1st Birthday, Cakes & Café Chat

We’re really excited, because today is our first birthday. We can’t believe Museum140 has been going for a whole year already. Highlights have included our Museum Memories day last May, our Museum Exposure photography project last November to mark 11/11/11, and of course Adopt-a-Museum, which started last July is still going strong. We also had great fun at Christmas, with the crowdsourced Christmas tree and Secret Santa 2.0, and then we saw the love come pouring in during the Shorty Award nominations in February. Thank you so much to everybody who has joined in, tweeted, re-tweeted, taken photographs, commented, supported, and cheered us on. It may sound like a cliché, but we really couldn’t have done it without you.

Where there’s a birthday, there’s cake, and in the last couple of weeks we’ve been inviting you to share your favourite recipes with us. We weren’t expecting a huge flood of recipes, as baking is not everyone’s thing (though you didn’t need to bake especially for us, existing recipes were perfectly fine^^), so thank you to the handful of people who participated. We were going to send goody bags to two lucky bakers, but we decided that all the recipes deserve a prize, so we’ll be in touch to get your addresses to send you a wee surprise in the post.


Of course, we also have a favourite recipe to share with you. It’s actually the same cake that #MuseumBaby, the youngest member of Museum140, had for his first birthday. The recipe came from a dm baby bonus (a German baby club) brochure and was suggested as suitable for small children as it is low in allergens, containing neither eggs nor milk nor butter, which also makes it good for vegans. Not all recipes lend themselves to substituting gluten free flour, as the cakes can become a bit too crumbly, but this dough is very dense and works well as gluten free. The non crumbly texture again makes it great for kids to eat, as the cake doesn’t fall apart in their hands.

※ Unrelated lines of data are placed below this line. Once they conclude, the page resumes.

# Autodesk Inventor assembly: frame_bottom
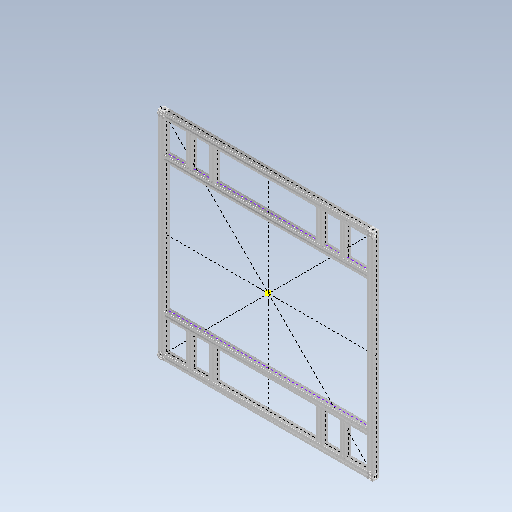
[picture p0: Inventor's stored thumbnail of the model, 512x512]
Saved by Autodesk Inventor 2021.3 (Build 253353000, 353)
## iProperties
_SolveAssemblyDoc: Frame Generator Solve Assembly
_Version: 15.0.0
Created: 2023-04-06
Part Number: frame_bottom
Document SubType Name: Assembly
Designer: nxf77172
Author: nxf77172
## Documents named in this file (4)
- C:\Users\nxf77172\Desktop\mechanical_cleaned\custom_parts\frame\frame_bottom.iam
- C:\Users\nxf77172\Desktop\mechanical_cleaned\custom_parts\frame\frame_outline.ipt
- C:\Users\nxf77172\Desktop\mechanical_cleaned\custom_parts\frame\frame_bottom\Frame\Frame 1680795495162.iam
- C:\Users\nxf77172\Desktop\mechanical_cleaned\custom_parts\aluminium profile\angle_connector_x3.ipt
## Components (6 placed, 3 different names)
1. frame_outline:1 — Mate:1, Mate:2
2. Frame 1680795495162:1 [sub-assembly] — Insert:1, Angle:1, Angle:3, Insert:2, Angle:4, Insert:3, Angle:5, Insert:4
3. angle_connector_x3:1 — Insert:1, Angle:1
4. angle_connector_x3:2 — Angle:3, Insert:2
5. angle_connector_x3:3 — Angle:4, Insert:3
6. angle_connector_x3:4 — Angle:5, Insert:4
## Relationships (10: Insert 4, Angle 4, Mate 2)
- Mate:1: frame_outline:1
- Mate:2: frame_outline:1
- Insert:1: Frame 1680795495162:1 ↔ angle_connector_x3:1
- Angle:1 (0 deg): Frame 1680795495162:1 ↔ angle_connector_x3:1
- Angle:3 (180 deg): Frame 1680795495162:1 ↔ angle_connector_x3:2
- Insert:2: Frame 1680795495162:1 ↔ angle_connector_x3:2
- Angle:4 (0 deg): Frame 1680795495162:1 ↔ angle_connector_x3:3
- Insert:3: Frame 1680795495162:1 ↔ angle_connector_x3:3
- Angle:5 (180 deg): Frame 1680795495162:1 ↔ angle_connector_x3:4
- Insert:4: Frame 1680795495162:1 ↔ angle_connector_x3:4

  • 400g finely grated carrots
  • 200g cane sugar
  • 180ml vegetable oil (e.g. rape seed)
  • 1 level tablespoon cream of tartar or gluten free baking powder
  • grated peel and juice of 1 lemon
  • 1 teaspoon cinnamon
  • 400g (gluten free) flour (e.g. maize)


  • Preheat the oven to 200°C (180° C for a fan oven).
  • In a bowl, combine all the ingredients to a dough. Since the dough is so dense, we found it easiest to do it with a fork rather than a mixer.
  • Spread the dough in to a cake tin of your choice. To prevent the cake from sticking, we would recommend greasing the tin with margarine and shaking it out with some flour.
  • Bake for 45-60 minutes. If it’s not quite done but starting to go brown, cover it up with some tin foil.
  • For older children or adults you could sprinkle it with some icing sugar or mix some icing sugar and lemon juice to make a quick glaze, but it tastes just as good straight from the tin.